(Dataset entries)
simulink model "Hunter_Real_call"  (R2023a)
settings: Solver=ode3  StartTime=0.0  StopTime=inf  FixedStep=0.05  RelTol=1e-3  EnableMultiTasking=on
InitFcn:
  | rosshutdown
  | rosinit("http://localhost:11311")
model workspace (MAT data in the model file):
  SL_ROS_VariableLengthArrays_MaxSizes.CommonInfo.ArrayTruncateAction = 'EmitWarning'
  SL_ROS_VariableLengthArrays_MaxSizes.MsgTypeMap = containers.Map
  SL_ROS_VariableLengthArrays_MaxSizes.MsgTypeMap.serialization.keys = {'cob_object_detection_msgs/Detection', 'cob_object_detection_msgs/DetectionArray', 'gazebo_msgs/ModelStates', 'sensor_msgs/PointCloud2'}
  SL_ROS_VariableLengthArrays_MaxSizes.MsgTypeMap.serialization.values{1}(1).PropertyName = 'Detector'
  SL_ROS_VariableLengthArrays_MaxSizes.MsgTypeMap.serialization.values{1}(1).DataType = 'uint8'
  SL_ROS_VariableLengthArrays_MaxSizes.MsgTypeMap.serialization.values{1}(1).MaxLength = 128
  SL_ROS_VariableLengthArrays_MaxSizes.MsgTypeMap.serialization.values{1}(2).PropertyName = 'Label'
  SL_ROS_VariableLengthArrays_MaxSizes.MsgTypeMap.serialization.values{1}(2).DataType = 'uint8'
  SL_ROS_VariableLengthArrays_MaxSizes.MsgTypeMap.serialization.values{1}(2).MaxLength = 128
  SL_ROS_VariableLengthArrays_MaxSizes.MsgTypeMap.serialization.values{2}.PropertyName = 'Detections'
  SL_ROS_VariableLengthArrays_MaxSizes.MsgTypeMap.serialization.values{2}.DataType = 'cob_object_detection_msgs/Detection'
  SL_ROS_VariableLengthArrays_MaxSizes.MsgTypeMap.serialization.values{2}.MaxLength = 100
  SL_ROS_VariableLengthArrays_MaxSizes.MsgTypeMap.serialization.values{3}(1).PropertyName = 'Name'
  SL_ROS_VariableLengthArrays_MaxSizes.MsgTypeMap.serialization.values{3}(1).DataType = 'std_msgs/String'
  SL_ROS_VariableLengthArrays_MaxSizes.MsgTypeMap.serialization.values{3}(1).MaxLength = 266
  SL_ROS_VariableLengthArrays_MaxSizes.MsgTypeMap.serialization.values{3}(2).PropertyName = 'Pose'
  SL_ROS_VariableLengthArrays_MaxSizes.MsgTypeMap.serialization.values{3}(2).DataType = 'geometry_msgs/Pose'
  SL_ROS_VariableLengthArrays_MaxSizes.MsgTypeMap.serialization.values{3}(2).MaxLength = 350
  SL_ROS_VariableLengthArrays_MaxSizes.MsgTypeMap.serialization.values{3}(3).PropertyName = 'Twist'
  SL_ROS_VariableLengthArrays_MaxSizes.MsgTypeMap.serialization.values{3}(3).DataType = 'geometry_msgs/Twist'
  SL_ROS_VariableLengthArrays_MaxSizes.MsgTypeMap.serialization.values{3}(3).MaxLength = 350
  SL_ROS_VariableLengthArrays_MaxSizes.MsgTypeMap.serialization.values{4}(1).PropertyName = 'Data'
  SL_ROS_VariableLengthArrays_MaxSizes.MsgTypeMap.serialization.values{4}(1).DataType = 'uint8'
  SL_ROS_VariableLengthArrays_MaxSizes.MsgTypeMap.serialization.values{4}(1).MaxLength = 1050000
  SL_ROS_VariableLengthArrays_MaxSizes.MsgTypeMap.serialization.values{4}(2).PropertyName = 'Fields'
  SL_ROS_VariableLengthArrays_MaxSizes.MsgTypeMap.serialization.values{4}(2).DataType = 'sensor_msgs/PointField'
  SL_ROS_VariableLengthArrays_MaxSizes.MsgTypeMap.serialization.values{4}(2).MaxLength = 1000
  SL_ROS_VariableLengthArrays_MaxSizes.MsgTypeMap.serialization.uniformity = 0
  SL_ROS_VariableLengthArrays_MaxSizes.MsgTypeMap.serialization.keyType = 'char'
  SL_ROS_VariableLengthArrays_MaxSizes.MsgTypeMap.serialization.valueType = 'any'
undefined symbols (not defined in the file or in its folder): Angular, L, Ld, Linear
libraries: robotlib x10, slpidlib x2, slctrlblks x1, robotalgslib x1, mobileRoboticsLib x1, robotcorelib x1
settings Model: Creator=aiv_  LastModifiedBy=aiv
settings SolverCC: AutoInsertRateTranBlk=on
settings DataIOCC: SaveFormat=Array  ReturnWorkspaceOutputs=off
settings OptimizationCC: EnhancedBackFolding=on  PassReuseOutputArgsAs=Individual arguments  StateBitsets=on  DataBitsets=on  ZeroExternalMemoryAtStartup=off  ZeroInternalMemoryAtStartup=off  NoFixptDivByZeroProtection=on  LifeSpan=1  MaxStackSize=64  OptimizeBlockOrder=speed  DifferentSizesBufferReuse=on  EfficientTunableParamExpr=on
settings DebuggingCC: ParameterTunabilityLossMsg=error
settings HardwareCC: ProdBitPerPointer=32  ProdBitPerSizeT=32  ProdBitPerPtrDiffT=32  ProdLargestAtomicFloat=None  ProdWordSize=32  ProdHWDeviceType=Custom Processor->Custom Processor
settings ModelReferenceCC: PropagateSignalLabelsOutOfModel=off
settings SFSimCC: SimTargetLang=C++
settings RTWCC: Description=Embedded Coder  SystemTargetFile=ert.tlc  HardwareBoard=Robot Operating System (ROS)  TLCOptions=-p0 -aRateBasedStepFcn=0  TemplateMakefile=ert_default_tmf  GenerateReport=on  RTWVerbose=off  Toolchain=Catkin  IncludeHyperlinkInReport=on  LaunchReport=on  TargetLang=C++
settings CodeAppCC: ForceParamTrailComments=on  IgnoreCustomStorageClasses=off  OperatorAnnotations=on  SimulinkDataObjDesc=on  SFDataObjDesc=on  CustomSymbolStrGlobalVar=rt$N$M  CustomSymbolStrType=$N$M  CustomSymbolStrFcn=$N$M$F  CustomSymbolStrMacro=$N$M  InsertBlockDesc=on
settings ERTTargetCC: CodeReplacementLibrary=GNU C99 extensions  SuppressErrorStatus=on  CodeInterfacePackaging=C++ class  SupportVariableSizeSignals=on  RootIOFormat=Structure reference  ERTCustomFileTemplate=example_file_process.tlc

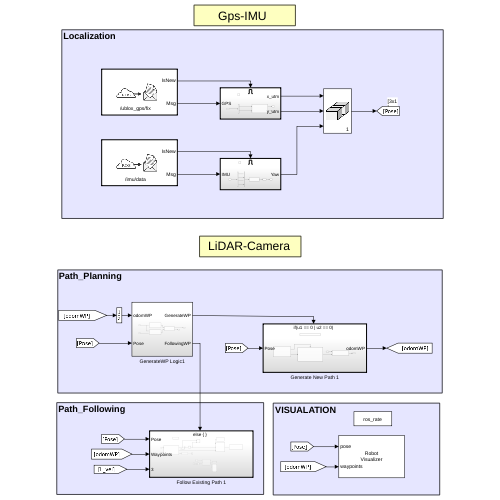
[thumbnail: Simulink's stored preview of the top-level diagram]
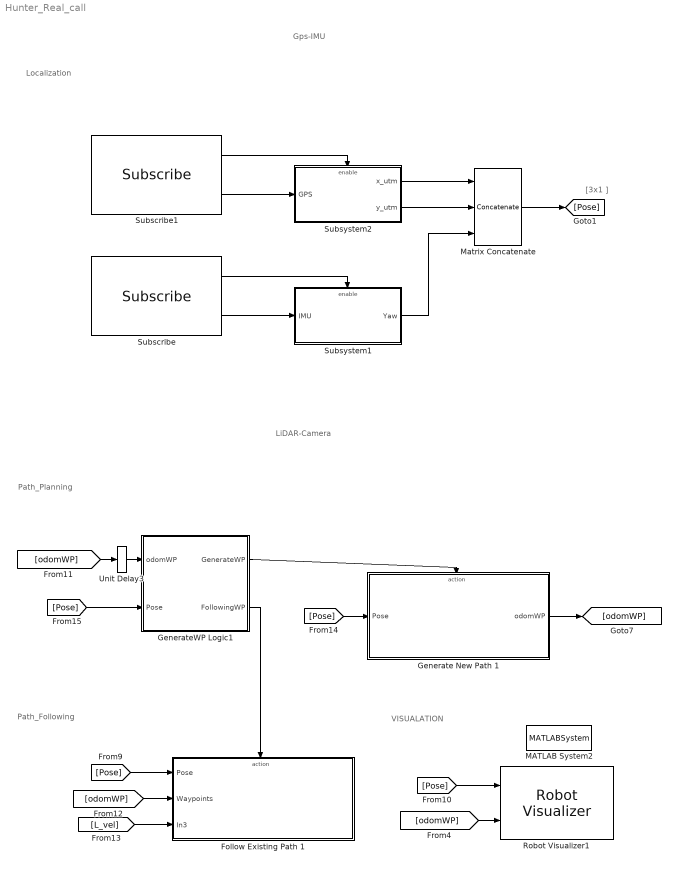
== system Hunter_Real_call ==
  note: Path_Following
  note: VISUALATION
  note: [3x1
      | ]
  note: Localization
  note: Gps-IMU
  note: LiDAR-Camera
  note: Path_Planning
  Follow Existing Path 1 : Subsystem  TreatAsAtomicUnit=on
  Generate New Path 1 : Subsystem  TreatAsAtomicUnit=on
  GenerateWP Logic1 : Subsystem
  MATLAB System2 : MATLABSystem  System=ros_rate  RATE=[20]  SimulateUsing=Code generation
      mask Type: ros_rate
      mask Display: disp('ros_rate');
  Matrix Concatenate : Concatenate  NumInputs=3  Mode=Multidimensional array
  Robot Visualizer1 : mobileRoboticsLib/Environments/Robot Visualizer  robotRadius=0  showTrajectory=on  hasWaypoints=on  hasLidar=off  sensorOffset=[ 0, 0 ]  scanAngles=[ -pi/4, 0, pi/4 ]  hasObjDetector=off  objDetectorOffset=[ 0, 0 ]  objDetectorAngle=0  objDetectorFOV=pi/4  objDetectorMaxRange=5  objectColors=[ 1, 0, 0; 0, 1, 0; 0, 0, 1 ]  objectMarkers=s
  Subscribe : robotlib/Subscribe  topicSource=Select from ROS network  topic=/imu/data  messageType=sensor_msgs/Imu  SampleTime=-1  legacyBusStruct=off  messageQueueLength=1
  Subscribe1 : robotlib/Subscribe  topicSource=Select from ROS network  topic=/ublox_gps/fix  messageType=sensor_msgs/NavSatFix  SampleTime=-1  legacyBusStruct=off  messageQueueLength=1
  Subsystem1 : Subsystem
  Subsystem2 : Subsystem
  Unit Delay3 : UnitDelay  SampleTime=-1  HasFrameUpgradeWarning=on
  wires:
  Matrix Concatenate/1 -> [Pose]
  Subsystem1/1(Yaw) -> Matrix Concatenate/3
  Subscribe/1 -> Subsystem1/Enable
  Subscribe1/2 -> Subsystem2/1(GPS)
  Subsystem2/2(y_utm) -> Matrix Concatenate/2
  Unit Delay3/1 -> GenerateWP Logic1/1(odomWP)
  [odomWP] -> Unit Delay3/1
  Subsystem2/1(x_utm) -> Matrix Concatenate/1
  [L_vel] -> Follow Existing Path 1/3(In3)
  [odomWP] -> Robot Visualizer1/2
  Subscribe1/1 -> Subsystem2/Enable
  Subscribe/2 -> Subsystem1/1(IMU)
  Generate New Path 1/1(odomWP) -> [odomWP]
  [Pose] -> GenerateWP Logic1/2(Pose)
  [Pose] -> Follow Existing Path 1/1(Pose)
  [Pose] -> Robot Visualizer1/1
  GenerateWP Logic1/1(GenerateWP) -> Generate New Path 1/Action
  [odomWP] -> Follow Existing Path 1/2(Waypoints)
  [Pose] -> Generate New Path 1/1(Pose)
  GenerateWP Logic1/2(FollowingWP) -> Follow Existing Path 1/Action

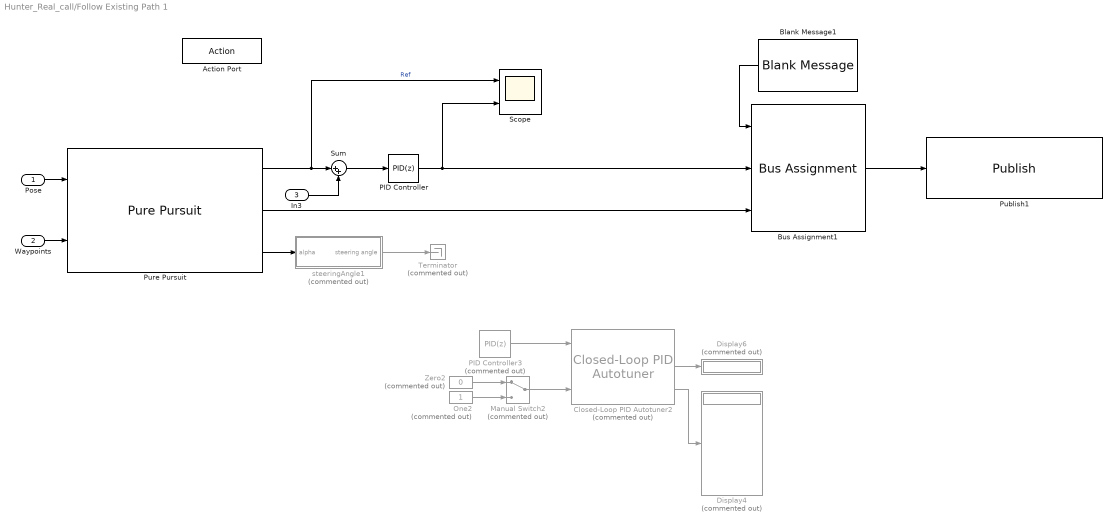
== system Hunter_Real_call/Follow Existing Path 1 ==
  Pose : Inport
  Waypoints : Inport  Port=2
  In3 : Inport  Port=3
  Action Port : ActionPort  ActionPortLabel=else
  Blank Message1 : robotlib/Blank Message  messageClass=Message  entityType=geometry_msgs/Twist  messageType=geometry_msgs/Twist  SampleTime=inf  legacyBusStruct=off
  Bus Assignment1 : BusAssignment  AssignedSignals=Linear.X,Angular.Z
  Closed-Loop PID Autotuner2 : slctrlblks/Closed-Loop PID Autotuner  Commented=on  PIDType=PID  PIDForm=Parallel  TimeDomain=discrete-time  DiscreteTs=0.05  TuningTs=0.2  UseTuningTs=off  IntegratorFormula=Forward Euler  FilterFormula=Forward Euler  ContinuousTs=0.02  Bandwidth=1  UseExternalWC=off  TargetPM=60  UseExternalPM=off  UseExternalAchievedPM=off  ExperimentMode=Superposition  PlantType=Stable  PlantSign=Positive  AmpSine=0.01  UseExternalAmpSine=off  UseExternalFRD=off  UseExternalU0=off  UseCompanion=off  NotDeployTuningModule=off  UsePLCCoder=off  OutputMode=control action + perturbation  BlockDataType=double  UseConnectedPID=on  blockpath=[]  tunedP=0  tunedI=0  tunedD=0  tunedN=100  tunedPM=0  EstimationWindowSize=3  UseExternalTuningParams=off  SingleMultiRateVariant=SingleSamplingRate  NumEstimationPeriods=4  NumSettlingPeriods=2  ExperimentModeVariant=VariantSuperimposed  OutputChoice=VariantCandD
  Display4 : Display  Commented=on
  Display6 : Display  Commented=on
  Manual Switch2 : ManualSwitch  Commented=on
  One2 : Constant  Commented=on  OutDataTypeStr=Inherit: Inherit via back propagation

> [EXERCISE OBJECTIVE]
All that belongs in the answer is the run of lines above from the line containing "note: VISUALATION" through the line containing "Matrix Concatenate : Concatenate", exactly as written.

> [EXPECTED ANSWER]
  note: VISUALATION
  note: [3x1
      | ]
  note: Localization
  note: Gps-IMU
  note: LiDAR-Camera
  note: Path_Planning
  Follow Existing Path 1 : Subsystem  TreatAsAtomicUnit=on
  Generate New Path 1 : Subsystem  TreatAsAtomicUnit=on
  GenerateWP Logic1 : Subsystem
  MATLAB System2 : MATLABSystem  System=ros_rate  RATE=[20]  SimulateUsing=Code generation
      mask Type: ros_rate
      mask Display: disp('ros_rate');
  Matrix Concatenate : Concatenate  NumInputs=3  Mode=Multidimensional array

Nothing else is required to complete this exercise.